Dysfunctional Glymphatic System with Disrupted Aquaporin 4 Expression Pattern on Astrocytes Causes Bacterial Product Accumulation in the CSF during Pneumococcal Meningitis

Abstract

Pneumococcal meningitis, inflammation of the meninges due to an infection of the Central Nervous System caused by Streptococcus pneumoniae (the pneumococcus), is the most common form of community-acquired bacterial meningitis globally. Aquaporin 4 (AQP4) water channels on astrocytic end feet regulate the solute transport of the glymphatic system, facilitating the exchange of compounds between the brain parenchyma and the cerebrospinal fluid (CSF), which is important for the clearance of waste away from the brain. Wistar rats, subjected to either pneumococcal meningitis or artificial CSF (sham control), received Evans blue-albumin (EBA) intracisternally. Overall, the meningitis group presented a significant impairment of the glymphatic system by retaining the EBA in the CSF compartments compared to the uninfected sham group. Our results clearly showed that during pneumococcal meningitis, the glymphatic system does not function because of a detachment of the astrocytic end feet from the blood-brain barrier (BBB) vascular endothelium, which leads to misplacement of AQP4 with the consequent loss of the AQP4 water channel's functionality. IMPORTANCE The lack of solute drainage due to a dysfunctional glymphatic system leads to an increase of the neurotoxic bacterial material in the CSF compartments of the brain, ultimately leading to brain-wide neuroinflammation and neuronal damage with consequent impairment of neurological functions. The loss of function of the glymphatic system can therefore be a leading cause of the neurological sequelae developing post-bacterial meningitis.

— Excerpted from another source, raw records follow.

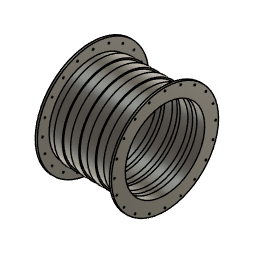
air_turbine_case_eng_model (Autodesk Fusion 360 design; units mm, degrees)
Autodesk Fusion 360 part; units mm, degrees
sketch "Sketch1" plane through (0, 0, 0) normal (0, 1, 0) x (1, 0, 0)
  line L0 (0, 0) -> (179, 0) construction
  line L1 (179, 0) -> (179, -135) construction
  line L2 (179, -135) -> (0, -135) construction
  line L3 (0, -135) -> (0, 0) construction
  line L4 (0, -135) -> (0, -101.42)
  dimension "d1" = 179
  dimension "d2" = 135
  dimension "d3" = 101.42
  constraint horizontal L0
  constraint vertical L1
  constraint horizontal L2
  constraint vertical L3
  constraint coincident L0.start L3.end
  constraint coincident L3 L4.end
  measures "d1" distance of L0.start L0.end
  measures "d2" distance of L0.start L2.end
  measures "d3" distance of L0.start L4.end
sketch "Sketch2" plane through (0, 0, 0) normal (0, 1, 0) x (1, 0, 0)
  line L0 (0, 0) -> (160, 0) construction
  line L1 (179, -135) -> (0, -135) construction
  line L2 (0, -135) -> (0, 0) construction
  line L3 (0, -135) -> (0, -101.42)
  line L4 (80, -98.0476) -> (80, -100.5515)
  line L5 (40, -100.284) -> (40, -102.7879)
  line L6 (120, -95.8113) -> (120, -98.3152)
  line L7 (80, -100.5515) -> (70, -101.1106)
  line L8 (60, -99.1658) -> (70, -101.1106)
  line L9 (60, -99.1658) -> (40, -100.284)
  line L10 (40, -102.7879) -> (30, -103.347)
  line L11 (20, -101.4021) -> (30, -103.347)
  line L12 (160.0645, -96.0752) -> (149.3716, -96.6731)
  line L13 (140, -94.6931) -> (149.3716, -96.6731)
  line L14 (140, -94.6931) -> (120, -95.8113)
  line L15 (120, -98.3152) -> (110, -98.8743)
  line L16 (100, -96.9295) -> (110, -98.8743)
  line L17 (100, -96.9295) -> (80, -98.0476)
  line L18 (0, -101.42) -> (20, -101.4021)
  line L19 (160.0645, -96.0752) -> (179, -96.0752)
  line L20 (179, 0) -> (179, -135)
  line L21 (179, -96.0752) -> (179, -129.65)
  line L22 (179, -129.65) -> (174, -129.65)
  line L23 (0, -135) -> (5, -135)
  line L24 (5, -135) -> (5, -106.42)
  line L25 (174, -129.65) -> (174, -106.42)
  line L26 (5, -106.42) -> (20, -106.42)
  line L27 (20, -106.42) -> (20, -109.42)
  line L28 (20, -109.42) -> (40, -109.42)
  line L29 (40, -109.42) -> (40, -106.42)
  line L30 (40, -106.42) -> (60, -106.42)
  line L31 (60, -106.42) -> (60, -109.42)
  line L32 (60, -109.42) -> (80, -109.42)
  line L33 (80, -109.42) -> (80, -106.42)
  line L34 (80, -106.42) -> (100, -106.42)
  line L35 (100, -106.42) -> (100, -109.42)
  line L36 (100, -109.42) -> (120, -109.42)
  line L37 (120, -109.42) -> (120, -106.42)
  line L38 (120, -106.42) -> (140, -106.42)
  line L39 (140, -106.42) -> (140, -109.42)
  line L40 (140, -109.42) -> (160, -109.42)
  line L41 (160, -109.42) -> (160, -106.42)
  line L42 (160, -106.42) -> (174, -106.42)
  point P0 (179, 0)
  dimension "d4" = 179
  dimension "d5" = 135
  dimension "d6" = 101.42
  dimension "d7" = 129.65
  dimension "d8" = 5
  dimension "d9" = 5
  dimension "d10" = 5
  dimension "d12" = 15
  dimension "d13" = 109.42
  dimension "d14" = 20
  dimension "d15" = 20
  dimension "d16" = 3
  dimension "d17" = 20
  dimension "d18" = 3
  dimension "d19" = 20
  dimension "d20" = 3
  dimension "d21" = 20
  dimension "d22" = 20
  dimension "d23" = 3
  dimension "d24" = 20
  dimension "d25" = 3
  constraint horizontal L0
  constraint horizontal L1
  constraint vertical L2
  constraint coincident L0.start L2.end
  constraint coincident L2 L3.end
  constraint coincident L20 L21.end
  constraint perpendicular L19 L21
  constraint perpendicular L20 L22
  constraint coincident L1 L23.end
  constraint perpendicular L3 L23
  constraint perpendicular L1 L24
  constraint perpendicular L22 L25
  constraint perpendicular L24 L26
  constraint perpendicular L26 L27
  constraint perpendicular L27 L28
  constraint perpendicular L26 L29
  constraint perpendicular L29 L30
  constraint perpendicular L30 L31
  constraint perpendicular L31 L32
  constraint perpendicular L32 L33
  constraint perpendicular L33 L34
  constraint perpendicular L34 L35
  constraint perpendicular L35 L36
  constraint perpendicular L36 L37
  constraint perpendicular L37 L38
  constraint perpendicular L38 L39
  constraint perpendicular L39 L40
  constraint perpendicular L40 L41
  constraint perpendicular L25 L42
  measures "d4" distance of L1.start L1.end
  measures "d5" distance of L1 L0.start
  measures "d6" distance of L0.start L3.end
  measures "d7" distance of L21.end P0
  measures "d8" distance of L21.end L22.end
  measures "d9" distance of L1.end L23.end
  measures "d10" vertical distance of L3.end L24.end
  measures "d12" distance of L24.end L26.end
  measures "d13" vertical distance of L0.start L27.end
  measures "d15" distance of L29.end L30.end
  measures "d16" distance of L30.end L31.end
  measures "d17" distance of L31.end L32.end
  measures "d18" distance of L32.end L33.end
  measures "d19" distance of L33.end L34.end
  measures "d20" distance of L34.end L35.end
  measures "d21" distance of L35.end L36.end
  measures "d22" distance of L37.end L38.end
  measures "d23" distance of L38.end L39.end
  measures "d24" distance of L39.end L40.end
  measures "d25" distance of L40.end L41.end
revolve "Revolve1" add sketch "Sketch2" angle 360 about axis through (0, 0, 0) along (1, 0, 0)
sketch "Sketch3" plane through (0, 0, 0) normal (-1, 0, 0) x (0, -1, 0)
  circle A0 centre (0, 0) radius 135
  circle A1 centre (0, 0) radius 101.42
  line L0 (0, 0) -> (0, 166.4632) construction
  circle A2 centre (0, 122.55) radius 2
  dimension "d27" = 4
  dimension "d28" = 122.55
  constraint coincident A0.centre A1.centre
  constraint vertical L0
  constraint coincident L0 A2.centre
  measures "d27" diameter of A2
  measures "d28" distance of A0.centre A2.centre
extrude "Extrude1" cut sketch "Sketch3" against normal blind 12 contours A2
pattern_circular "C-Pattern1" count 20 over 360 about axis through (1.75, 0, 0) along (1, 0, 0) of "Extrude1"
sketch "Sketch4" plane through (179, 0, 0) normal (1, 0, 0) x (0, 1, 0)
  circle A0 centre (0, 0) radius 96.0752
  circle A1 centre (0, 0) radius 129.65
  line L0 (0, 0) -> (0, 177.3715) construction
  circle A2 centre (0, 122.5) radius 2
  dimension "d33" = 4
  dimension "d34" = 122.5
  constraint coincident A0.centre A1.centre
  constraint vertical L0
  constraint coincident L0 A2.centre
  measures "d33" diameter of A2
  measures "d34" distance of A0.centre A2.centre
extrude "Extrude2" cut sketch "Sketch4" against normal blind 13 contours A2
pattern_circular "C-Pattern2" count 20 over 360 about axis through (1.75, 0, 0) along (1, 0, 0) of "Extrude2"

Keywords: Streptococcus pneumoniae; aquaporin 4; astrocytic end feet; blood-brain barrier (BBB); glymphatic system; meningitis; neuroinflammation; neuronal damage.

FIG 1

Demonstration of impaired glymphatic system's functionality during experimental pneumococcal meningitis in vivo. (A and B) Transit of EBA from cisterna magna to serum (A) and from cisterna magna to the brain (B) of adult Wistar rats at 4, 24, and 72 h after induction of pneumococcal meningitis. Data are shown as mean and standard deviation. Statistical significance is shown compared to the control group (n = 5). *, P < 0.05. (C) Retained EBA in the brains of the sham (noninfected) control and meningitis groups at the 4-h time point (the time point with higher EBA retention for both groups). Images of one brain/group are shown as representatives for both groups, and images have been taken from three different perspectives (side, top, and backwards). White arrows point toward the CSF compartments of the brain with high EBA retention.

FIG 2

Loss of glymphatic system's functionality is not due to changes in AQP4 expression levels but to a misplacement of AQP4 water channels on astrocytic end feet. (A) The total protein content of brain homogenate samples was measured after Coomassie staining. S, sham (noninfected) control; M, meningitis. The numbers 1 to 5 refer to the rat number in the group (sham or meningitis) per time point; due to excessive bleeding, one brain (M5) from the 72-h time point was not used for this analysis. (B) Western blot detection of AQP4 in brain homogenate samples from sham and meningitis groups; since AQP4 is expressed by astrocytes independently from the infection, brain homogenates from three sham rats were analyzed; due to excessive bleeding; one brain (M5) from the 72-h time point was not used for this analysis. (C) The percentage of AQP4/total protein content was finally calculated using ImageJ, and data are shown as mean and standard deviation. n.s., nonsignificant. (D) Quantification of the area of colocalization (in square pixels [sq. px.]) between the BBB vascular endothelium (in red in panel E, as shown in Fig. S5) and the astrocytes (in green in panel E, as shown in Fig. S5) measured with ImageJ. Data are shown as mean and standard deviation. *, P < 0.05; **, P < 0.01. (E) Confocal microscopy analysis of BBB vascular endothelium (red), astrocytes (green), and AQP4 (purple, rendered in white using the imaging program ZEN lite). Dark blue arrows point toward AQP4 fluorescent signal connecting astrocytic end feet with BBB vascular endothelium, while light blue arrows point toward focal expression of AQP4 on astrocytes detached from the BBB endothelium. Four brain tissue sections from three sham control and four infected rats were analyzed per time point, and three images per section were taken. The displayed images are representative of each group. Plane images were angled 30° from the horizontal position on the z axis using Imaris.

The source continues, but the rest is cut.